Wellness Wednesday: Let's Talk About Snacks
It’s almost the holidays, and I don’t know about you, but it always seems to me that once Thanksgiving hits, the rest of the year is pretty much a blur until we hit New Years’ Day. Accordingly, I am coming to you with a public service announcement of sorts: Don’t be afraid to snack. Now I’m not talking about the mindless eating of bags and boxes of junk food sort of snacking, but the purposeful consumption of small portions of healthy foods to tide you over between meals or at times where you cant get to a meal as fast as you’d like one.
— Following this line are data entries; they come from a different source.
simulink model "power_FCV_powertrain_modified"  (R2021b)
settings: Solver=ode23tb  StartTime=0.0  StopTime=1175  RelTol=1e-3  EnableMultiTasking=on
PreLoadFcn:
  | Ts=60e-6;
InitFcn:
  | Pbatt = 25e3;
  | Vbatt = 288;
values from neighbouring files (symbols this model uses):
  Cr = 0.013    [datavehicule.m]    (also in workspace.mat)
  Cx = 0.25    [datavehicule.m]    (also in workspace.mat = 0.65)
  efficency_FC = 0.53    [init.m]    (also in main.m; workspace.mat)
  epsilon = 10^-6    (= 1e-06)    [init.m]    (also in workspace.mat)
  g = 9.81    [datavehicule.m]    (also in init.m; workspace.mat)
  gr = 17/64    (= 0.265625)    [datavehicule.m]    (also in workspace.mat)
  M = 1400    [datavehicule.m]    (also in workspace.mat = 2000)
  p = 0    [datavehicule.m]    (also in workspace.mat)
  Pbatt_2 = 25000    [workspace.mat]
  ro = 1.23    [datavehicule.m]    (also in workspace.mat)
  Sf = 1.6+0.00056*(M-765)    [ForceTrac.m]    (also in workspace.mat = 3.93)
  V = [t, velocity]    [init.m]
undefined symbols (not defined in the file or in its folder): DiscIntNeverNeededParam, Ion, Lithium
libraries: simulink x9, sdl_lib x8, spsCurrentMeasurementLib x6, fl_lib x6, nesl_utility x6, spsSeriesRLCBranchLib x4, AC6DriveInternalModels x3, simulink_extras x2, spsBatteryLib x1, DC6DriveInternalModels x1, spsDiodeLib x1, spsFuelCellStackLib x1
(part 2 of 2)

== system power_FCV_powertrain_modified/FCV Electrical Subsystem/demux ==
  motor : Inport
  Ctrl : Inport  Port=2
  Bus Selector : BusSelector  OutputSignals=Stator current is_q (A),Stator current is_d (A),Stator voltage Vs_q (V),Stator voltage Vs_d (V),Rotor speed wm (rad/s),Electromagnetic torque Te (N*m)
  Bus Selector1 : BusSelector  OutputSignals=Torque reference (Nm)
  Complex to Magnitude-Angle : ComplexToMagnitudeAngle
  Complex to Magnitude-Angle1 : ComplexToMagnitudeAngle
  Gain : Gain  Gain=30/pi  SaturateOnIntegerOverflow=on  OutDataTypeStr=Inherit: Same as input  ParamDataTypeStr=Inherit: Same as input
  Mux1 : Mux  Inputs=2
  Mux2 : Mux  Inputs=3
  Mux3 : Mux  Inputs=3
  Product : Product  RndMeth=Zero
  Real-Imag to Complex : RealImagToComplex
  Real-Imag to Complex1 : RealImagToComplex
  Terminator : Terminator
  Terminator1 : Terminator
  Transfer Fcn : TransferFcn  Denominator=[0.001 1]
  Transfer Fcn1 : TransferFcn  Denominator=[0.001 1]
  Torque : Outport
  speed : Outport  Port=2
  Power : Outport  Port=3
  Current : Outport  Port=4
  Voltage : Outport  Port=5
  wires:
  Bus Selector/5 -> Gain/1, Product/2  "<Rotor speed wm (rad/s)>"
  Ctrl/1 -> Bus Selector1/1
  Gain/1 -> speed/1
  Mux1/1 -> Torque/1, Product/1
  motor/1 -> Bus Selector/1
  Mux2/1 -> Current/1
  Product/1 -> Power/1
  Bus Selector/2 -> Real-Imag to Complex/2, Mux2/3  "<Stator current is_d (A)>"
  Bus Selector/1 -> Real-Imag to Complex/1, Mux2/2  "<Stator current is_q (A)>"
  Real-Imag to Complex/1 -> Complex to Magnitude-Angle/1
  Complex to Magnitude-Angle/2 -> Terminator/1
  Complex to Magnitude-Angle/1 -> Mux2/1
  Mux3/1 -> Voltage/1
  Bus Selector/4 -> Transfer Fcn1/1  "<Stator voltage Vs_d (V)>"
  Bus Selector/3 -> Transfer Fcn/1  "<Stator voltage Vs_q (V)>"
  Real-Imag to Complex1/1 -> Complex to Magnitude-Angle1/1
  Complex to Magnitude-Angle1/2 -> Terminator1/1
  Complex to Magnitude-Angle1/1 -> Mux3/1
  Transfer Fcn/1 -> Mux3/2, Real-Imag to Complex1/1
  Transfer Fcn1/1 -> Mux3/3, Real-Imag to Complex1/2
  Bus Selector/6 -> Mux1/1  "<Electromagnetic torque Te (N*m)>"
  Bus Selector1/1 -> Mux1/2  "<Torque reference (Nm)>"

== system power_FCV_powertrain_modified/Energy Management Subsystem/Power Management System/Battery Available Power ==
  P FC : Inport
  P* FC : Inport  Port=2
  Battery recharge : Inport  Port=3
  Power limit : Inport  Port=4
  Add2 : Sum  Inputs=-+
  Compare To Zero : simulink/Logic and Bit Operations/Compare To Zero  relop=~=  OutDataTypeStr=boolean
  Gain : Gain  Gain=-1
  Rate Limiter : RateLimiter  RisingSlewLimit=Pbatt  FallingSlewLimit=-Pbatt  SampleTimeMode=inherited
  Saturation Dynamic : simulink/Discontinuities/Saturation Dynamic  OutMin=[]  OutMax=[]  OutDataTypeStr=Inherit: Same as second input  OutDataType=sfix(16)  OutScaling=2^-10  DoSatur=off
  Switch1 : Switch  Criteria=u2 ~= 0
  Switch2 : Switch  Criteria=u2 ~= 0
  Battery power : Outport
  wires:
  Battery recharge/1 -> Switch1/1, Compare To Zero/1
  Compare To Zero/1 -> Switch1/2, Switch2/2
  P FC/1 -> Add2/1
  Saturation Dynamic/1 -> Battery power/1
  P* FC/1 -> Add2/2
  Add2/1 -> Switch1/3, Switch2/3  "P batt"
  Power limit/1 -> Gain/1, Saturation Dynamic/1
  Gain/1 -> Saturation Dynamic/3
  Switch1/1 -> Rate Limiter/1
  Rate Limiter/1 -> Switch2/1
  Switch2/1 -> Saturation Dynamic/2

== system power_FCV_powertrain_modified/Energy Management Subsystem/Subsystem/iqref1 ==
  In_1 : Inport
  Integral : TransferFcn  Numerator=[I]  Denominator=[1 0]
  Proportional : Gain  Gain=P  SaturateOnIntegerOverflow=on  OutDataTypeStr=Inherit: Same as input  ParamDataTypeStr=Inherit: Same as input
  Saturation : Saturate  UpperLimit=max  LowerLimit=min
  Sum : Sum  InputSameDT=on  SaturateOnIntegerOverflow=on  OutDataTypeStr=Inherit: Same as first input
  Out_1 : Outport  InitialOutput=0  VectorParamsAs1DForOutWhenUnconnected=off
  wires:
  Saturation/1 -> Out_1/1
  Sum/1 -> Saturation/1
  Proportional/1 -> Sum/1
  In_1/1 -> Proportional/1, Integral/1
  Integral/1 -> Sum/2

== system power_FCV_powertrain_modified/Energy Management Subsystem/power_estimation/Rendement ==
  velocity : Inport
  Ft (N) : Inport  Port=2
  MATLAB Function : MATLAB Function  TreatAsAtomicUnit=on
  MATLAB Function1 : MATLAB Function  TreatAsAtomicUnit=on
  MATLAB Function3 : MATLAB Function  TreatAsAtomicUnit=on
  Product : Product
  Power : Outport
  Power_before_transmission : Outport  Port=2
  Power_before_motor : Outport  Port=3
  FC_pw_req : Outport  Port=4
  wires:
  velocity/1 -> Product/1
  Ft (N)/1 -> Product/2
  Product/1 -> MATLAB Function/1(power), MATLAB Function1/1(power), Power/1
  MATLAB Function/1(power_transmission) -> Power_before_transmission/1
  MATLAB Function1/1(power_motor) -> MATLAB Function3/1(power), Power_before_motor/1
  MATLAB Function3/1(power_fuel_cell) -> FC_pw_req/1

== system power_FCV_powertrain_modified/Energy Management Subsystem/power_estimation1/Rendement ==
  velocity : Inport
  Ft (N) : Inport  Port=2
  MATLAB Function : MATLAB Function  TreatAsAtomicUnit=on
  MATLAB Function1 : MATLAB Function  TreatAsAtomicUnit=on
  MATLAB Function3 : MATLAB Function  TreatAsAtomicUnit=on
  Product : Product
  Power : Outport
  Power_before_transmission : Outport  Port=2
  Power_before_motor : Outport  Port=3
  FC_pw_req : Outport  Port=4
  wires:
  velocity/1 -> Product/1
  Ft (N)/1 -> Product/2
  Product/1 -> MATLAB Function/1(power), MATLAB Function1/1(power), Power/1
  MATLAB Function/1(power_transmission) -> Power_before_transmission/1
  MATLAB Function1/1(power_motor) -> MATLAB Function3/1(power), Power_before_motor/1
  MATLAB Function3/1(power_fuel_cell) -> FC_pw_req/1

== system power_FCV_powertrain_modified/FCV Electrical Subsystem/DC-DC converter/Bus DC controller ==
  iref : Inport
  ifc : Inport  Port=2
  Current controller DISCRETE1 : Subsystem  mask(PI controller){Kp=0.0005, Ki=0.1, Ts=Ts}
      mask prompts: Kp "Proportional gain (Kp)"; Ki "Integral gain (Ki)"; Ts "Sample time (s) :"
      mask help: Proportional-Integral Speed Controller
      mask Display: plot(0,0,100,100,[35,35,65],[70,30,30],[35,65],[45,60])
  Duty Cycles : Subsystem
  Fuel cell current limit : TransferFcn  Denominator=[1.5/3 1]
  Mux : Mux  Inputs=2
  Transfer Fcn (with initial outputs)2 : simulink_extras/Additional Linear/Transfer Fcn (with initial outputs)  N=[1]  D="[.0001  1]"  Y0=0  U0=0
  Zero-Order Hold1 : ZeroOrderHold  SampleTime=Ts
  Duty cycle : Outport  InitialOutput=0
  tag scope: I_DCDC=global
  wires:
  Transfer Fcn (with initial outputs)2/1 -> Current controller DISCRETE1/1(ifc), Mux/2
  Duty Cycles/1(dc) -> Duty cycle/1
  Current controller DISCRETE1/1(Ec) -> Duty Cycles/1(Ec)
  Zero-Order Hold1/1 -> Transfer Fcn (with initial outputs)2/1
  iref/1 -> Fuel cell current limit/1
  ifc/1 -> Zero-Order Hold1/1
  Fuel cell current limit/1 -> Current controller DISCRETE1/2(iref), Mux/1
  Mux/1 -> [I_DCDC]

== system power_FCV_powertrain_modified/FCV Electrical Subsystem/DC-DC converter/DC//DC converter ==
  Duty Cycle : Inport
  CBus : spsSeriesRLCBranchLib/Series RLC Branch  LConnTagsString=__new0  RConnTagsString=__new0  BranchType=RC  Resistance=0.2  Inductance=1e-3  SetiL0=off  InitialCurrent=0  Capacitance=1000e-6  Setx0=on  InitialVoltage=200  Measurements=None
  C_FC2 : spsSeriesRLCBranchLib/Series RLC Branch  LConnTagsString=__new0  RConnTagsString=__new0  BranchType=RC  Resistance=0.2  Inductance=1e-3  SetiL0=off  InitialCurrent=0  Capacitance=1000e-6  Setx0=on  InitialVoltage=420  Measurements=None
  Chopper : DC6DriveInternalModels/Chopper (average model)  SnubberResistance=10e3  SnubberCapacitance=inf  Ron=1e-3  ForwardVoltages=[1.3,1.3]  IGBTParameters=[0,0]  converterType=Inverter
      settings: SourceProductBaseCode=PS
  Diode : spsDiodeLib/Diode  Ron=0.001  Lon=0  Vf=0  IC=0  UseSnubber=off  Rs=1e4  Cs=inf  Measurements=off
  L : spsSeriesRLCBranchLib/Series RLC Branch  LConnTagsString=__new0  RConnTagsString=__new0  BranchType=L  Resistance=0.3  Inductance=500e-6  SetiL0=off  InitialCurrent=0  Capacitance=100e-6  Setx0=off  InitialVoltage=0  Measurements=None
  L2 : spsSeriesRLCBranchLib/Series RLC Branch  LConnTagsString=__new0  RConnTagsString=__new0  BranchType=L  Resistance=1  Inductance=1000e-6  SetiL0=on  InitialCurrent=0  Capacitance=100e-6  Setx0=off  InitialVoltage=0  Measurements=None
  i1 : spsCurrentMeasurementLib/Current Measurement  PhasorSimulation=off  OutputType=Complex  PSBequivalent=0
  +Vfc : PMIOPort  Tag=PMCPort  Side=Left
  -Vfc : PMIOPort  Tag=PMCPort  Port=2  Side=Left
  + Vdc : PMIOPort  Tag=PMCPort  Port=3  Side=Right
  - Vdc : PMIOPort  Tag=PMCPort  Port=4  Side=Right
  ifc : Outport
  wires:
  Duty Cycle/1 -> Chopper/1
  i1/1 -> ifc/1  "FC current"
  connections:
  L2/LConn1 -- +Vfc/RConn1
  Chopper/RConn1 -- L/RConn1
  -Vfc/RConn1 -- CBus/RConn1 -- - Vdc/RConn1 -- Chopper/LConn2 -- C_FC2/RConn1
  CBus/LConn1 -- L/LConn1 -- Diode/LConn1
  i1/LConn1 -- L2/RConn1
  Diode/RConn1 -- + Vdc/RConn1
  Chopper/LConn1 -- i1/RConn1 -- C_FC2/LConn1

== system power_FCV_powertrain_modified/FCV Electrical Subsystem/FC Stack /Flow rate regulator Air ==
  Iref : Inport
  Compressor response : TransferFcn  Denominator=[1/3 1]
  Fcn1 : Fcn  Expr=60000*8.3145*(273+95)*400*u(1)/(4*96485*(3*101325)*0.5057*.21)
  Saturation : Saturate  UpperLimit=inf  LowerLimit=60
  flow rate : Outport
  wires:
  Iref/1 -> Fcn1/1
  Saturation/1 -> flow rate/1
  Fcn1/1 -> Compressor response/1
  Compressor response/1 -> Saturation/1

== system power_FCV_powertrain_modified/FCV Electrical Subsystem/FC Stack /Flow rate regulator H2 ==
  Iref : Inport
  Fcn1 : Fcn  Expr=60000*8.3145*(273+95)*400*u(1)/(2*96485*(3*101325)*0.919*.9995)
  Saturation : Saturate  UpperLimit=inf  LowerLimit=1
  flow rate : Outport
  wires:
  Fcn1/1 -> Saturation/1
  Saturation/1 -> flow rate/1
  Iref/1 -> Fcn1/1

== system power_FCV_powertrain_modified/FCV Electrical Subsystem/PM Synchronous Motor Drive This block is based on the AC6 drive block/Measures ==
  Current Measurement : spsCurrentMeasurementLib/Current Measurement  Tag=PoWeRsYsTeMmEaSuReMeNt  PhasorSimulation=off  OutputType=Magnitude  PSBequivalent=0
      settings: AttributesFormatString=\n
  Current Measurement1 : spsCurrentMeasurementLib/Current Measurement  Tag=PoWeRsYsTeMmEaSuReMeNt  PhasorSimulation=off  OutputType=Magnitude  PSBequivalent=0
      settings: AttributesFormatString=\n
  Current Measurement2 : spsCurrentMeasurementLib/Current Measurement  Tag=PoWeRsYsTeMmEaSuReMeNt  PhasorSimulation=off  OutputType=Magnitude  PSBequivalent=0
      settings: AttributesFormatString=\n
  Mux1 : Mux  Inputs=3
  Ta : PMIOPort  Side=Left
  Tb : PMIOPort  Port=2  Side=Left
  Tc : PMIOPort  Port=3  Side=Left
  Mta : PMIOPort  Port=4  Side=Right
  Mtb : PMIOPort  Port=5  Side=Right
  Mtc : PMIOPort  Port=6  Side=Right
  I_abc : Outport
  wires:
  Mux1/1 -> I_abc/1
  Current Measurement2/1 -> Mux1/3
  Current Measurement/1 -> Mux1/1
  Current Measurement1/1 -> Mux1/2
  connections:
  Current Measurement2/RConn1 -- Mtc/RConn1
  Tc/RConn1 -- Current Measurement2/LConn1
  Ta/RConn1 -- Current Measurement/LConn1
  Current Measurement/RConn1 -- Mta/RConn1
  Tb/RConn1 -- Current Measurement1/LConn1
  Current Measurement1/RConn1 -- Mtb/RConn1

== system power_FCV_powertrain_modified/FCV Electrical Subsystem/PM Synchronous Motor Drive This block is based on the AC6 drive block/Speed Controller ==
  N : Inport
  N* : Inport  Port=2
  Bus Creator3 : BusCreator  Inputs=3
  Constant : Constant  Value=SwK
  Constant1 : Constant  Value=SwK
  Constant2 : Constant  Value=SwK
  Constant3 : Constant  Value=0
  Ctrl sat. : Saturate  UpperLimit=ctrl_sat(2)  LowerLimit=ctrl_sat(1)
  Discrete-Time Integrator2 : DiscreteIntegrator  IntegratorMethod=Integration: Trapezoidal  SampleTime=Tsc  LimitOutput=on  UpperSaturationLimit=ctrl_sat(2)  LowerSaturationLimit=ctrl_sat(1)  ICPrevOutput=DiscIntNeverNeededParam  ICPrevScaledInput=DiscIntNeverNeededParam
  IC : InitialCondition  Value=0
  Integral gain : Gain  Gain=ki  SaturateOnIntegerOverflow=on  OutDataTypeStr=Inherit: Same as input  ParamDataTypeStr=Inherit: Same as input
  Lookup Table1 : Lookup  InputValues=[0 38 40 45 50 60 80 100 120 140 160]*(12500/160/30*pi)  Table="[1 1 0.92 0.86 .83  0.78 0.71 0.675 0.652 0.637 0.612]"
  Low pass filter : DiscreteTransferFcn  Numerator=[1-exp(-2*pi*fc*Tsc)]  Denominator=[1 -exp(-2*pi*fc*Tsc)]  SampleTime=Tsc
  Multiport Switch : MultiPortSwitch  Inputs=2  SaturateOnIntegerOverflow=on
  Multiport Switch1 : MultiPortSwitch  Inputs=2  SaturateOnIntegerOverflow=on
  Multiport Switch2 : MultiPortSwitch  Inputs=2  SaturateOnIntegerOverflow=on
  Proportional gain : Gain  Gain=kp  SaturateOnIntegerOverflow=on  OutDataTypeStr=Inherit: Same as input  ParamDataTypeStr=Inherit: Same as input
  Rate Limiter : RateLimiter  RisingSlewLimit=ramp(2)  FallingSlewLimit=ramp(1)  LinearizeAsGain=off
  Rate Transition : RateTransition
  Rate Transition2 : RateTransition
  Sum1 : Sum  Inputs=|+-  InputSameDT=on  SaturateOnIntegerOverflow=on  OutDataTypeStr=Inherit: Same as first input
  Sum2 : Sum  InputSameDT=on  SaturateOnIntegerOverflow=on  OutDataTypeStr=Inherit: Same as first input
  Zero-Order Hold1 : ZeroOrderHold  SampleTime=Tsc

Smart snacking can mean the difference between eating appropriately at your next meal or pulling over and stuffing your face with too much easy-to-find junk. Here’s a few things to keep in mind when smart snacking:
1) Snacks should be balanced with protein, carbs and fats. This makes the snack digest more slowly and therefore hold you over for longer.
2) If you’re short on time to eat, make sure you are controlling your snack size- eating from an open container is a one way ticket to overconsumption. Limit your snack to a pre-portioned item you can be comfortable about, such as individual pieces of fruit, string cheese, small bags of nuts a bar or a shake
3) plan for the unexpected: keep stashes of non-perishable items on your person, in your kid’s diaper bag or stroller or even in the glove box of your car in case you get caught out. They’ll tame your appetite and help ensure you don’t over consume at your next meal… or gnaw anyone’s arm off.
4) Good choices include: bars or individual portions of protein shakes and water, nuts and low-sodium beef jerky. All these items travel well and can be kept without refrigeration for weeks or even months.